On 11/23/2014 02:55 AM, Wiki Billinghurst wrote:
What do we see as the next components for Wikisource?
What are our major hurdles for system development?
If we were offered development help where do people think that we should be making use of that help? Is it incremental fixes, transactional changes, or are we wanting transformational changes, completely new features, and new opportunities?
Ten years ago, Wikipedia was already a given success, and we started to branch out into projects like Wikisource, Wikinews and what not. That was also when Google Book Search started, and when the Internet Archive got its current practices for book scanning (with the "Scribe" scanning stations) in place. Ten years earlier, in the mid 90s, the first large-scale book scanning projects appeared. In the two decades 1990-2010, several books were published on the future of digital libraries. But what has happened in the last decade? What is new, really? Has anything changed in Google Book Search or the Internet Archive in the five years 2010-2014? Yes, more books have been digitized, but are they presented or used differently?
I think a lot more can be done, e.g. algorithmic improvement of OCR engines. Wikisource hasn't looked into that, neither has the Internet Archive, and nobody knows much about what Google does internally. This isn't necessarily "wiki", so it's not clear that it's a task for WMF and its projects. Another thing could be "gamification" of proofreading or mark-up / categorization / analysis of scanned books.
As for new kinds of content, the digitization of entire newspapers is still a new area, where the Australian national library was a pioneer some years ago, but what has happened since then?

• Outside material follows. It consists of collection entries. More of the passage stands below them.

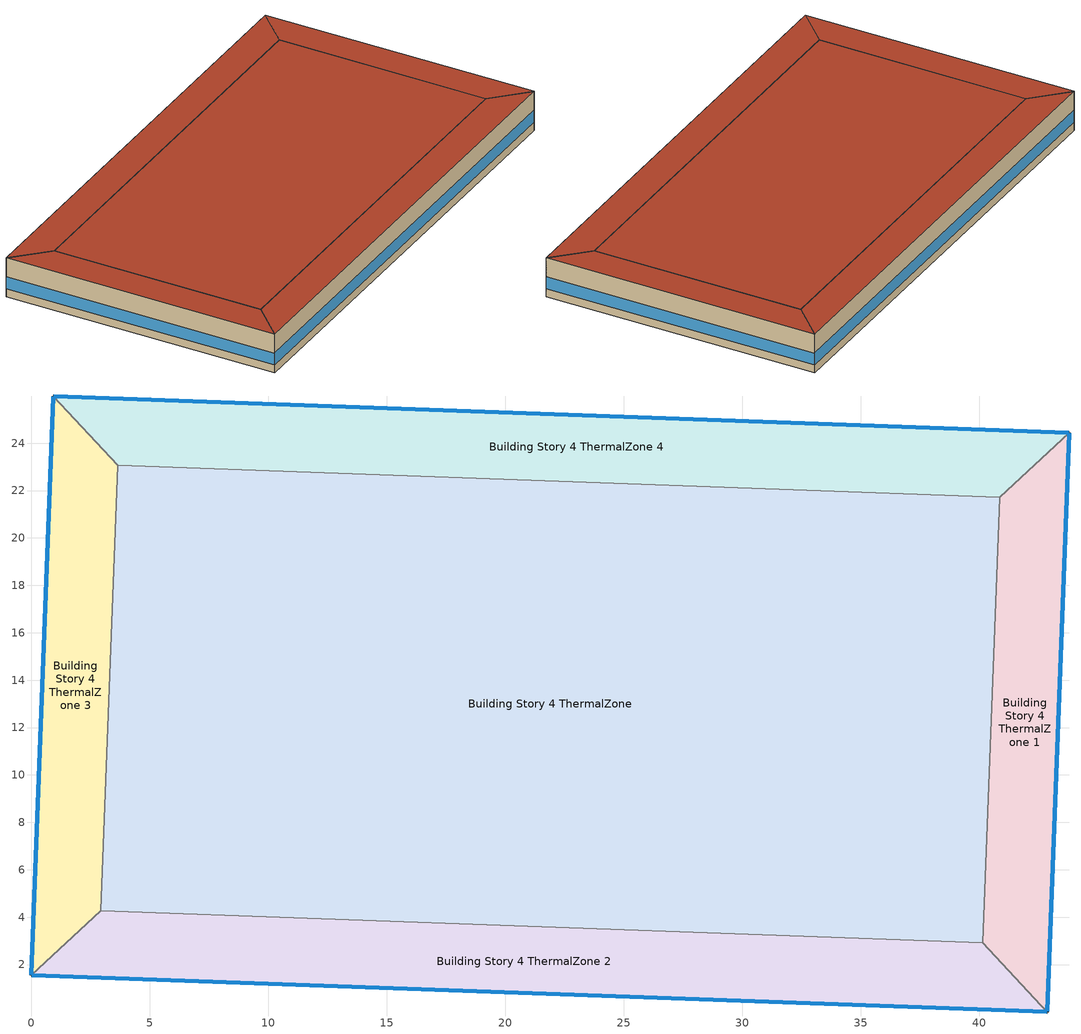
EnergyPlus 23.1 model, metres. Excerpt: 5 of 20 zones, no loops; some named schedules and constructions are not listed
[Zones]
Building Story 4 ThermalZone
 floor adiabatic (Typical Interior Ceiling): 40.86,21.71 40.15,2.93 2.93,4.28 3.64,23.06 z10.8
 wall adiabatic (Typical Interior Wall): 40.15,2.93 40.86,21.71 3.64,23.06 2.93,4.28 40.15,2.93 z10.8:14.4
 roof outside (Typical IEAD Roof - Highly Reflective R-25.64): 3.64,23.06 2.93,4.28 40.15,2.93 40.86,21.71 z14.4
Building Story 4 ThermalZone 1
 floor adiabatic (Typical Interior Ceiling): 43.79,24.43 42.87,0 40.15,2.93 40.86,21.71 z10.8
 wall outside (Typical Insulated Steel Framed Exterior Wall R-12.99): 42.87,0 43.79,24.43 z10.8:14.4
 wall adiabatic (Typical Interior Wall): 43.79,24.43 40.86,21.71 40.15,2.93 42.87,0 z10.8:14.4
 window (U 0.55 SHGC 0.25): 42.87,0.03 43.79,24.41 z11.56:12.64
 roof outside (Typical IEAD Roof - Highly Reflective R-25.64): 40.86,21.71 40.15,2.93 42.87,0 43.79,24.43 z14.4
Building Story 4 ThermalZone 2
 floor adiabatic (Typical Interior Floor): 42.87,0 0,1.55 2.93,4.28 40.15,2.93 z10.8
 wall outside (Typical Insulated Steel Framed Exterior Wall R-12.99): 0,1.55 42.87,0 z10.8:14.4
 wall adiabatic (Typical Interior Wall): 42.87,0 40.15,2.93 2.93,4.28 0,1.55 z10.8:14.4
 window (U 0.55 SHGC 0.25): 0.03,1.55 42.85,0 z11.56:12.64
 roof outside (Typical IEAD Roof - Highly Reflective R-25.64): 40.15,2.93 2.93,4.28 0,1.55 42.87,0 z14.4
Building Story 4 ThermalZone 3
 floor adiabatic (Typical Interior Floor): 0,1.55 0.92,25.99 3.64,23.06 2.93,4.28 z10.8
 wall outside (Typical Insulated Steel Framed Exterior Wall R-12.99): 0.92,25.99 0,1.55 z10.8:14.4
 wall adiabatic (Typical Interior Wall): 0,1.55 2.93,4.28 3.64,23.06 0.92,25.99 z10.8:14.4
 window (U 0.55 SHGC 0.25): 0.92,25.96 0,1.58 z11.56:12.64
 roof outside (Typical IEAD Roof - Highly Reflective R-25.64): 2.93,4.28 3.64,23.06 0.92,25.99 0,1.55 z14.4
Building Story 4 ThermalZone 4
 floor adiabatic (Typical Interior Floor): 0.92,25.99 43.79,24.43 40.86,21.71 3.64,23.06 z10.8
 wall outside (Typical Insulated Steel Framed Exterior Wall R-12.99): 43.79,24.43 0.92,25.99 z10.8:14.4
 wall adiabatic (Typical Interior Wall): 0.92,25.99 3.64,23.06 40.86,21.71 43.79,24.43 z10.8:14.4
 window (U 0.55 SHGC 0.25): 43.77,24.43 0.95,25.99 z11.56:12.64
 roof outside (Typical IEAD Roof - Highly Reflective R-25.64): 3.64,23.06 40.86,21.71 43.79,24.43 0.92,25.99 z14.4
[Schedule:Week:Daily]
SchoolSecondary BLDG_LIGHT_LIBRARY_SCH_2013 Week Rule - Aug30-Sep5: SchoolSecondary BLDG_LIGHT_LIBRARY_SCH_2013 Wknd Day 1, SchoolSecondary BLDG_LIGHT_LIBRARY_SCH_2013 Wkdy Day 1, SchoolSecondary BLDG_LIGHT_LIBRARY_SCH_2013 Wkdy Day 2, SchoolSecondary BLDG_LIGHT_LIBRARY_SCH_2013 Wkdy Day 2, SchoolSecondary BLDG_LIGHT_LIBRARY_SCH_2013 Wkdy Day 2, SchoolSecondary BLDG_LIGHT_LIBRARY_SCH_2013 Wkdy Day 2, SchoolSecondary BLDG_LIGHT_LIBRARY_SCH_2013 Default, SchoolSecondary BLDG_LIGHT_LIBRARY_SCH_2013 Default, SchoolSecondary BLDG_LIGHT_LIBRARY_SCH_2013 Summer Design Day, SchoolSecondary BLDG_LIGHT_LIBRARY_SCH_2013 Winter Design Day, SchoolSecondary BLDG_LIGHT_LIBRARY_SCH_2013 Default, SchoolSecondary BLDG_LIGHT_LIBRARY_SCH_2013 Default
SchoolSecondary BLDG_LIGHT_LIBRARY_SCH_2013 Week Rule - Sep6-Dec31: SchoolSecondary BLDG_LIGHT_LIBRARY_SCH_2013 Default, SchoolSecondary BLDG_LIGHT_LIBRARY_SCH_2013 Wkdy Day 2, SchoolSecondary BLDG_LIGHT_LIBRARY_SCH_2013 Wkdy Day 2, SchoolSecondary BLDG_LIGHT_LIBRARY_SCH_2013 Wkdy Day 2, SchoolSecondary BLDG_LIGHT_LIBRARY_SCH_2013 Wkdy Day 2, SchoolSecondary BLDG_LIGHT_LIBRARY_SCH_2013 Wkdy Day 2, SchoolSecondary BLDG_LIGHT_LIBRARY_SCH_2013 Default, SchoolSecondary BLDG_LIGHT_LIBRARY_SCH_2013 Default, SchoolSecondary BLDG_LIGHT_LIBRARY_SCH_2013 Summer Design Day, SchoolSecondary BLDG_LIGHT_LIBRARY_SCH_2013 Winter Design Day, SchoolSecondary BLDG_LIGHT_LIBRARY_SCH_2013 Default, SchoolSecondary BLDG_LIGHT_LIBRARY_SCH_2013 Default
SchoolSecondary BLDG_LIGHT_LOBBYFLR1_SCH_2013 Week Rule - Jan1-Jan3: SchoolSecondary BLDG_LIGHT_LOBBYFLR1_SCH_2013 Wkdy Day, SchoolSecondary BLDG_LIGHT_LOBBYFLR1_SCH_2013 Wkdy Day, SchoolSecondary BLDG_LIGHT_LOBBYFLR1_SCH_2013 Wkdy Day, SchoolSecondary BLDG_LIGHT_LOBBYFLR1_SCH_2013 Wkdy Day, SchoolSecondary BLDG_LIGHT_LOBBYFLR1_SCH_2013 Wkdy Day, SchoolSecondary BLDG_LIGHT_LOBBYFLR1_SCH_2013 Wkdy Day, SchoolSecondary BLDG_LIGHT_LOBBYFLR1_SCH_2013 Wknd Day, SchoolSecondary BLDG_LIGHT_LOBBYFLR1_SCH_2013 Default, SchoolSecondary BLDG_LIGHT_LOBBYFLR1_SCH_2013 Summer Design Day, SchoolSecondary BLDG_LIGHT_LOBBYFLR1_SCH_2013 Winter Design Day, SchoolSecondary BLDG_LIGHT_LOBBYFLR1_SCH_2013 Default, SchoolSecondary BLDG_LIGHT_LOBBYFLR1_SCH_2013 Default
SchoolSecondary BLDG_LIGHT_LOBBYFLR1_SCH_2013 Week Rule - Jan4-Jun27: SchoolSecondary BLDG_LIGHT_LOBBYFLR1_SCH_2013 Wknd Day, SchoolSecondary BLDG_LIGHT_LOBBYFLR1_SCH_2013 Wkdy Day, SchoolSecondary BLDG_LIGHT_LOBBYFLR1_SCH_2013 Wkdy Day, SchoolSecondary BLDG_LIGHT_LOBBYFLR1_SCH_2013 Wkdy Day, SchoolSecondary BLDG_LIGHT_LOBBYFLR1_SCH_2013 Wkdy Day, SchoolSecondary BLDG_LIGHT_LOBBYFLR1_SCH_2013 Wkdy Day, SchoolSecondary BLDG_LIGHT_LOBBYFLR1_SCH_2013 Wknd Day, SchoolSecondary BLDG_LIGHT_LOBBYFLR1_SCH_2013 Default, SchoolSecondary BLDG_LIGHT_LOBBYFLR1_SCH_2013 Summer Design Day, SchoolSecondary BLDG_LIGHT_LOBBYFLR1_SCH_2013 Winter Design Day, SchoolSecondary BLDG_LIGHT_LOBBYFLR1_SCH_2013 Default, SchoolSecondary BLDG_LIGHT_LOBBYFLR1_SCH_2013 Default
SchoolSecondary BLDG_LIGHT_LOBBYFLR1_SCH_2013 Week Rule - Jun28-Jul4: SchoolSecondary BLDG_LIGHT_LOBBYFLR1_SCH_2013 Wknd Day, SchoolSecondary BLDG_LIGHT_LOBBYFLR1_SCH_2013 Wkdy Day, SchoolSecondary BLDG_LIGHT_LOBBYFLR1_SCH_2013 Wkdy Day, SchoolSecondary BLDG_LIGHT_LOBBYFLR1_SCH_2013 Wkdy Day 1, SchoolSecondary BLDG_LIGHT_LOBBYFLR1_SCH_2013 Wkdy Day 1, SchoolSecondary BLDG_LIGHT_LOBBYFLR1_SCH_2013 Wkdy Day 1, SchoolSecondary BLDG_LIGHT_LOBBYFLR1_SCH_2013 Wknd Day 1, SchoolSecondary BLDG_LIGHT_LOBBYFLR1_SCH_2013 Default, SchoolSecondary BLDG_LIGHT_LOBBYFLR1_SCH_2013 Summer Design Day, SchoolSecondary BLDG_LIGHT_LOBBYFLR1_SCH_2013 Winter Design Day, SchoolSecondary BLDG_LIGHT_LOBBYFLR1_SCH_2013 Default, SchoolSecondary BLDG_LIGHT_LOBBYFLR1_SCH_2013 Default
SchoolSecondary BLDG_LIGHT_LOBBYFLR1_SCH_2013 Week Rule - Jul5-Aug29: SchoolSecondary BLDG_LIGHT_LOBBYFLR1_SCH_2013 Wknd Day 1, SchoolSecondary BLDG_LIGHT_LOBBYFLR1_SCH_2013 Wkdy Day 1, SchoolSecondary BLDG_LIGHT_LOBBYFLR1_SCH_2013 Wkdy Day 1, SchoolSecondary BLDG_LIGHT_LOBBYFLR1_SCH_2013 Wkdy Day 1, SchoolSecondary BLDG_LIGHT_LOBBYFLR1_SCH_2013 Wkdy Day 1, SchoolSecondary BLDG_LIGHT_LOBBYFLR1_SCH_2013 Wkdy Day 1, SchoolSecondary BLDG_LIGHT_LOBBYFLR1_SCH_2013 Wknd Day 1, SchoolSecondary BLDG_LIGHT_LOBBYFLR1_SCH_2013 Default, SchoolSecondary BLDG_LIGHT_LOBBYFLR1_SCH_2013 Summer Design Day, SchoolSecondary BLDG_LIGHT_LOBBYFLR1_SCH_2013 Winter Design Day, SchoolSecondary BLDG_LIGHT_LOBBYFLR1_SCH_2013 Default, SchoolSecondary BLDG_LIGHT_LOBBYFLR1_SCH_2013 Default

Potentially, it could become a cross-over between Wikisource and Wikinews, where each event can be found on the same day in many different newspapers. How to link them together? The problem: If we get scanned images + OCR text of 10 different newspapers, 10 years, 10 pages each day, that is 365 × 10 × 10 × 10 = 365,000 large pages to proofread, before we can do any serious analysis. How do we proofread so many pages in any reasonable time? We don't have enough volunteers for that.